Metropolitan Arts Institute is a college prep performing and visual arts charter high school. Its teachers are also working artists and collaborated with the students and SMoCA staff to produce the exhibition.

The young artists’ exhibition, which opened Feb. 3, coordinates with a variety of ongoing programs at SMoCA and SCPA, including Dance with Camera, through May 1 at SMoCA, the final appearance of the legendary Merce Cunningham Dance Company and other events and presentations at both Scottsdale Civic Center Mall venues.

Opened Jan. 15, Dance with Camera is an exhibition and screening program exploring the relationship between artists and dancers who make choreography for the camera and illuminating how video and still cameras changed our experience of dance.

Screenings range from Busby Berkeley’s Hollywood musicals to Maya Deren’s avant-garde films, featuring works by artists such as Bruce Conner, Bruce Nauman, Eleanor Antin as well as Charles Atlas’ collaborations with Merce Cunningham.

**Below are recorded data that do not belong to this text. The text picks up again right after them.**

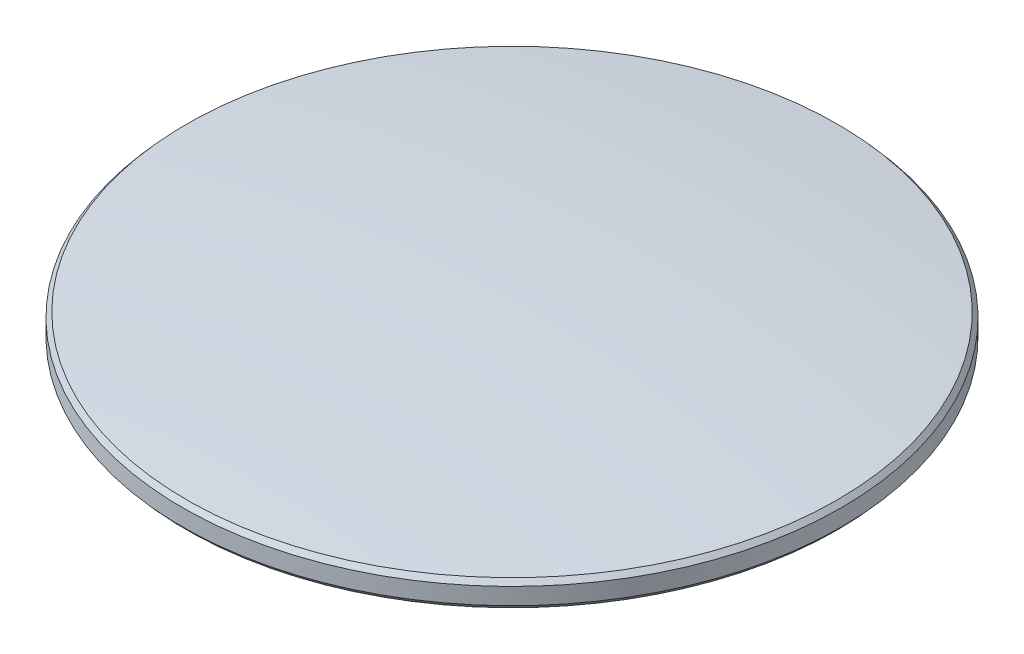
ISO-10303-21;
HEADER;
FILE_DESCRIPTION(('STEP AP214'),'2;1');
FILE_NAME('part.step','',(''),(''),'','','');
FILE_SCHEMA(('AUTOMOTIVE_DESIGN { 1 0 10303 214 1 1 1 1 }'));
ENDSEC;
DATA;
#1=APPLICATION_CONTEXT('core data for automotive mechanical design processes');
#2=APPLICATION_PROTOCOL_DEFINITION('international standard','automotive_design',2000,#1);
#3=PRODUCT_CONTEXT('',#1,'mechanical');
#4=PRODUCT('Part','Part','',(#3));
#5=PRODUCT_RELATED_PRODUCT_CATEGORY('part','',(#4));
#6=PRODUCT_DEFINITION_FORMATION('','',#4);
#7=PRODUCT_DEFINITION_CONTEXT('part definition',#1,'design');
#8=PRODUCT_DEFINITION('design','',#6,#7);
#9=PRODUCT_DEFINITION_SHAPE('','',#8);
#10=(LENGTH_UNIT() NAMED_UNIT(*) SI_UNIT(.MILLI.,.METRE.));
#11=(NAMED_UNIT(*) PLANE_ANGLE_UNIT() SI_UNIT($,.RADIAN.));
#12=(NAMED_UNIT(*) SI_UNIT($,.STERADIAN.) SOLID_ANGLE_UNIT());
#13=UNCERTAINTY_MEASURE_WITH_UNIT(LENGTH_MEASURE(1.E-05),#10,'distance_accuracy_value','');
#14=(GEOMETRIC_REPRESENTATION_CONTEXT(3) GLOBAL_UNCERTAINTY_ASSIGNED_CONTEXT((#13)) GLOBAL_UNIT_ASSIGNED_CONTEXT((#10,
#11,#12)) REPRESENTATION_CONTEXT('',''));
#15=CARTESIAN_POINT('',(0.,0.,0.));
#16=DIRECTION('',(0.,0.,1.));
#17=DIRECTION('',(1.,0.,0.));
#18=AXIS2_PLACEMENT_3D('',#15,#16,#17);
#19=CARTESIAN_POINT('',(0.,-309.3,0.));
#20=DIRECTION('',(0.,-1.,0.));
#21=DIRECTION('',(1.,0.,0.));
#22=AXIS2_PLACEMENT_3D('',#19,#20,#21);
#23=SPHERICAL_SURFACE('',#22,313.3);
#24=CARTESIAN_POINT('',(0.,1.5625865448004,0.));
#25=DIRECTION('',(0.,-1.,0.));
#26=DIRECTION('',(1.,0.,0.));
#27=AXIS2_PLACEMENT_3D('',#24,#25,#26);
#28=CIRCLE('',#27,39.0043880438663);
#29=CARTESIAN_POINT('',(39.0043880438663,1.5625865448004,0.));
#30=VERTEX_POINT('',#29);
#31=EDGE_CURVE('E42',#30,#30,#28,.F.);
#32=ORIENTED_EDGE('',*,*,#31,.T.);
#33=EDGE_LOOP('',(#32));
#34=FACE_BOUND('',#33,.T.);
#35=ADVANCED_FACE('F31',(#34),#23,.T.);
#36=CARTESIAN_POINT('',(0.,0.,0.));
#37=DIRECTION('',(0.,-1.,0.));
#38=DIRECTION('',(1.,0.,0.));
#39=AXIS2_PLACEMENT_3D('',#36,#37,#38);
#40=CYLINDRICAL_SURFACE('',#39,39.5);
#41=CARTESIAN_POINT('',(0.,-1.,0.));
#42=DIRECTION('',(0.,1.,0.));
#43=DIRECTION('',(-1.,0.,0.));
#44=AXIS2_PLACEMENT_3D('',#41,#42,#43);
#45=CIRCLE('',#44,39.5);
#46=CARTESIAN_POINT('',(-39.5,-1.,0.));
#47=VERTEX_POINT('',#46);
#48=EDGE_CURVE('E10',#47,#47,#45,.T.);
#49=ORIENTED_EDGE('',*,*,#48,.T.);
#50=EDGE_LOOP('',(#49));
#51=FACE_BOUND('',#50,.T.);
#52=CARTESIAN_POINT('',(0.,1.00000000000006,0.));
#53=DIRECTION('',(0.,-1.,0.));
#54=DIRECTION('',(1.,0.,0.));
#55=AXIS2_PLACEMENT_3D('',#52,#53,#54);
#56=CIRCLE('',#55,39.5);
#57=CARTESIAN_POINT('',(39.5,1.00000000000006,0.));
#58=VERTEX_POINT('',#57);
#59=EDGE_CURVE('E46',#58,#58,#56,.T.);
#60=ORIENTED_EDGE('',*,*,#59,.T.);
#61=EDGE_LOOP('',(#60));
#62=FACE_BOUND('',#61,.T.);
#63=ADVANCED_FACE('F52',(#51,#62),#40,.T.);
#64=CARTESIAN_POINT('',(0.,1.00000000000006,0.));
#65=DIRECTION('',(0.,-1.,0.));
#66=DIRECTION('',(1.,0.,0.));
#67=AXIS2_PLACEMENT_3D('',#64,#65,#66);
#68=CONICAL_SURFACE('',#67,39.5,0.722191331500028);
#69=ORIENTED_EDGE('',*,*,#31,.F.);
#70=EDGE_LOOP('',(#69));
#71=FACE_BOUND('',#70,.T.);
#72=ORIENTED_EDGE('',*,*,#59,.F.);
#73=EDGE_LOOP('',(#72));
#74=FACE_BOUND('',#73,.T.);
#75=ADVANCED_FACE('F54',(#71,#74),#68,.T.);
#76=CARTESIAN_POINT('',(0.,309.3,0.));
#77=DIRECTION('',(0.,1.,0.));
#78=DIRECTION('',(1.,0.,0.));
#79=AXIS2_PLACEMENT_3D('',#76,#77,#78);
#80=SPHERICAL_SURFACE('',#79,313.3);
#81=CARTESIAN_POINT('',(0.,-1.5625865448004,0.));
#82=DIRECTION('',(0.,1.,0.));
#83=DIRECTION('',(-1.,0.,0.));
#84=AXIS2_PLACEMENT_3D('',#81,#82,#83);
#85=CIRCLE('',#84,39.0043880438663);
#86=CARTESIAN_POINT('',(-39.0043880438663,-1.5625865448004,0.));
#87=VERTEX_POINT('',#86);
#88=EDGE_CURVE('E38',#87,#87,#85,.F.);
#89=ORIENTED_EDGE('',*,*,#88,.T.);
#90=EDGE_LOOP('',(#89));
#91=FACE_BOUND('',#90,.T.);
#92=ADVANCED_FACE('F56',(#91),#80,.T.);
#93=CARTESIAN_POINT('',(0.,-1.56258654480035,0.));
#94=DIRECTION('',(0.,1.,0.));
#95=DIRECTION('',(-1.,0.,0.));
#96=AXIS2_PLACEMENT_3D('',#93,#94,#95);
#97=CONICAL_SURFACE('',#96,39.0043880438663,0.722191331500014);
#98=ORIENTED_EDGE('',*,*,#48,.F.);
#99=EDGE_LOOP('',(#98));
#100=FACE_BOUND('',#99,.T.);
#101=ORIENTED_EDGE('',*,*,#88,.F.);
#102=EDGE_LOOP('',(#101));
#103=FACE_BOUND('',#102,.T.);
#104=ADVANCED_FACE('F33',(#100,#103),#97,.T.);
#105=CLOSED_SHELL('',(#35,#63,#75,#92,#104));
#106=MANIFOLD_SOLID_BREP('B2',#105);
#107=ADVANCED_BREP_SHAPE_REPRESENTATION('',(#18,#106),#14);
#108=SHAPE_DEFINITION_REPRESENTATION(#9,#107);
ENDSEC;
END-ISO-10303-21;
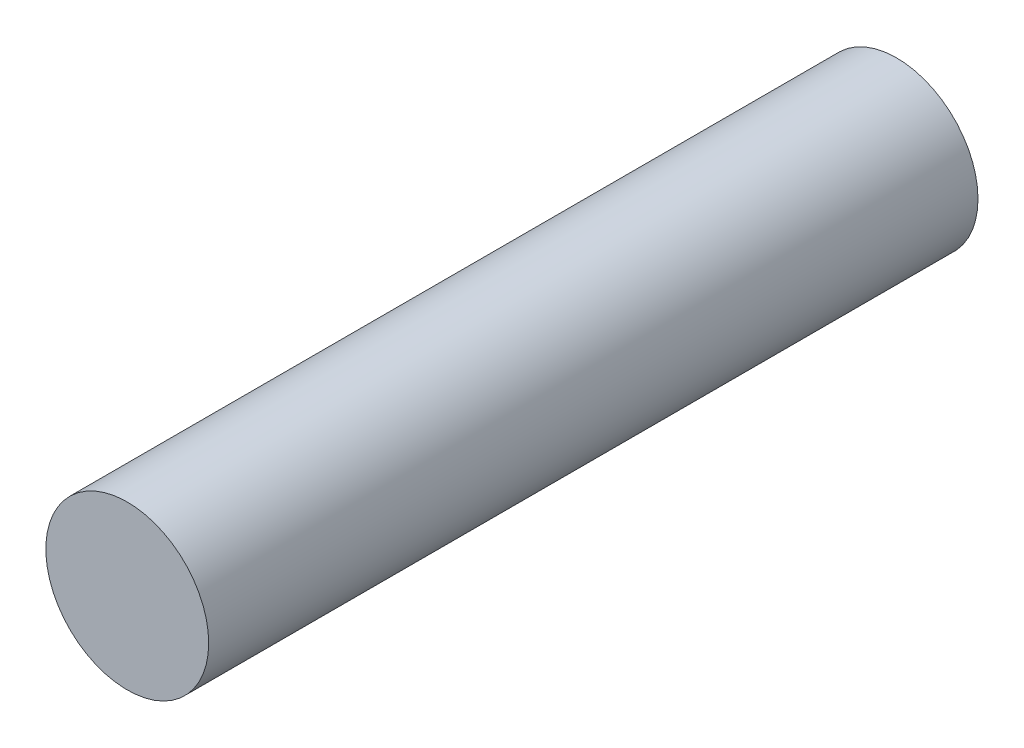
ISO-10303-21;
HEADER;
FILE_DESCRIPTION(('STEP AP214'),'2;1');
FILE_NAME('part.step','',(''),(''),'','','');
FILE_SCHEMA(('AUTOMOTIVE_DESIGN { 1 0 10303 214 1 1 1 1 }'));
ENDSEC;
DATA;
#1=APPLICATION_CONTEXT('core data for automotive mechanical design processes');
#2=APPLICATION_PROTOCOL_DEFINITION('international standard','automotive_design',2000,#1);
#3=PRODUCT_CONTEXT('',#1,'mechanical');
#4=PRODUCT('Part','Part','',(#3));
#5=PRODUCT_RELATED_PRODUCT_CATEGORY('part','',(#4));
#6=PRODUCT_DEFINITION_FORMATION('','',#4);
#7=PRODUCT_DEFINITION_CONTEXT('part definition',#1,'design');
#8=PRODUCT_DEFINITION('design','',#6,#7);
#9=PRODUCT_DEFINITION_SHAPE('','',#8);
#10=(LENGTH_UNIT() NAMED_UNIT(*) SI_UNIT(.MILLI.,.METRE.));
#11=(NAMED_UNIT(*) PLANE_ANGLE_UNIT() SI_UNIT($,.RADIAN.));
#12=(NAMED_UNIT(*) SI_UNIT($,.STERADIAN.) SOLID_ANGLE_UNIT());
#13=UNCERTAINTY_MEASURE_WITH_UNIT(LENGTH_MEASURE(1.E-05),#10,'distance_accuracy_value','');
#14=(GEOMETRIC_REPRESENTATION_CONTEXT(3) GLOBAL_UNCERTAINTY_ASSIGNED_CONTEXT((#13)) GLOBAL_UNIT_ASSIGNED_CONTEXT((#10,
#11,#12)) REPRESENTATION_CONTEXT('',''));
#15=CARTESIAN_POINT('',(0.,0.,0.));
#16=DIRECTION('',(0.,0.,1.));
#17=DIRECTION('',(1.,0.,0.));
#18=AXIS2_PLACEMENT_3D('',#15,#16,#17);
#19=CARTESIAN_POINT('',(0.,0.,30.));
#20=DIRECTION('',(0.,0.,-1.));
#21=DIRECTION('',(-1.,0.,0.));
#22=AXIS2_PLACEMENT_3D('',#19,#20,#21);
#23=CYLINDRICAL_SURFACE('',#22,3.175);
#24=CARTESIAN_POINT('',(0.,0.,30.));
#25=DIRECTION('',(0.,0.,1.));
#26=DIRECTION('',(1.,0.,0.));
#27=AXIS2_PLACEMENT_3D('',#24,#25,#26);
#28=CIRCLE('',#27,3.175);
#29=CARTESIAN_POINT('',(3.175,0.,30.));
#30=VERTEX_POINT('',#29);
#31=EDGE_CURVE('E10',#30,#30,#28,.T.);
#32=ORIENTED_EDGE('',*,*,#31,.F.);
#33=EDGE_LOOP('',(#32));
#34=FACE_BOUND('',#33,.T.);
#35=CARTESIAN_POINT('',(0.,0.,0.));
#36=DIRECTION('',(0.,0.,1.));
#37=DIRECTION('',(1.,0.,0.));
#38=AXIS2_PLACEMENT_3D('',#35,#36,#37);
#39=CIRCLE('',#38,3.175);
#40=CARTESIAN_POINT('',(3.175,0.,0.));
#41=VERTEX_POINT('',#40);
#42=EDGE_CURVE('E46',#41,#41,#39,.T.);
#43=ORIENTED_EDGE('',*,*,#42,.T.);
#44=EDGE_LOOP('',(#43));
#45=FACE_BOUND('',#44,.T.);
#46=ADVANCED_FACE('F43',(#34,#45),#23,.T.);
#47=CARTESIAN_POINT('',(0.,0.,30.));
#48=DIRECTION('',(0.,0.,1.));
#49=DIRECTION('',(1.,0.,0.));
#50=AXIS2_PLACEMENT_3D('',#47,#48,#49);
#51=PLANE('',#50);
#52=ORIENTED_EDGE('',*,*,#31,.T.);
#53=EDGE_LOOP('',(#52));
#54=FACE_BOUND('',#53,.T.);
#55=ADVANCED_FACE('F60',(#54),#51,.T.);
#56=CARTESIAN_POINT('',(0.,0.,0.));
#57=DIRECTION('',(0.,0.,1.));
#58=DIRECTION('',(1.,0.,0.));
#59=AXIS2_PLACEMENT_3D('',#56,#57,#58);
#60=PLANE('',#59);
#61=ORIENTED_EDGE('',*,*,#42,.F.);
#62=EDGE_LOOP('',(#61));
#63=FACE_BOUND('',#62,.T.);
#64=ADVANCED_FACE('F58',(#63),#60,.F.);
#65=CLOSED_SHELL('',(#46,#55,#64));
#66=MANIFOLD_SOLID_BREP('B2',#65);
#67=ADVANCED_BREP_SHAPE_REPRESENTATION('',(#18,#66),#14);
#68=SHAPE_DEFINITION_REPRESENTATION(#9,#67);
ENDSEC;
END-ISO-10303-21;

Initiated by the Institute of Contemporary Art at the University of Pennsylvania, the traveling exhibition is curated by Jenelle Porter, with Claire Carter the implementing SMoCA curator.

"Imagining Dance is thematically related to both Dance with Camera and our other programs at the museum and the arts center,”’ says Laura Hales, associate curator of education at SMoCA who also curates all young@art gallery exhibitions. In an award-winning building designed by the Phoenix architect Will Bruder, SMoCA showcases the work of significant contemporary artists, local, national and international.

“The students’ work in Imagining Dance suggest to me that they were very comfortable working with this theme,” Hales adds. “Much of it shows humor. It is easy to see when teens are grappling to make sense of something: The work looks angst-y, dark, emotional. This work looks light, humorous and inventive. I think working with dance as a subject was a good fit, met their interests and really did inspire them.”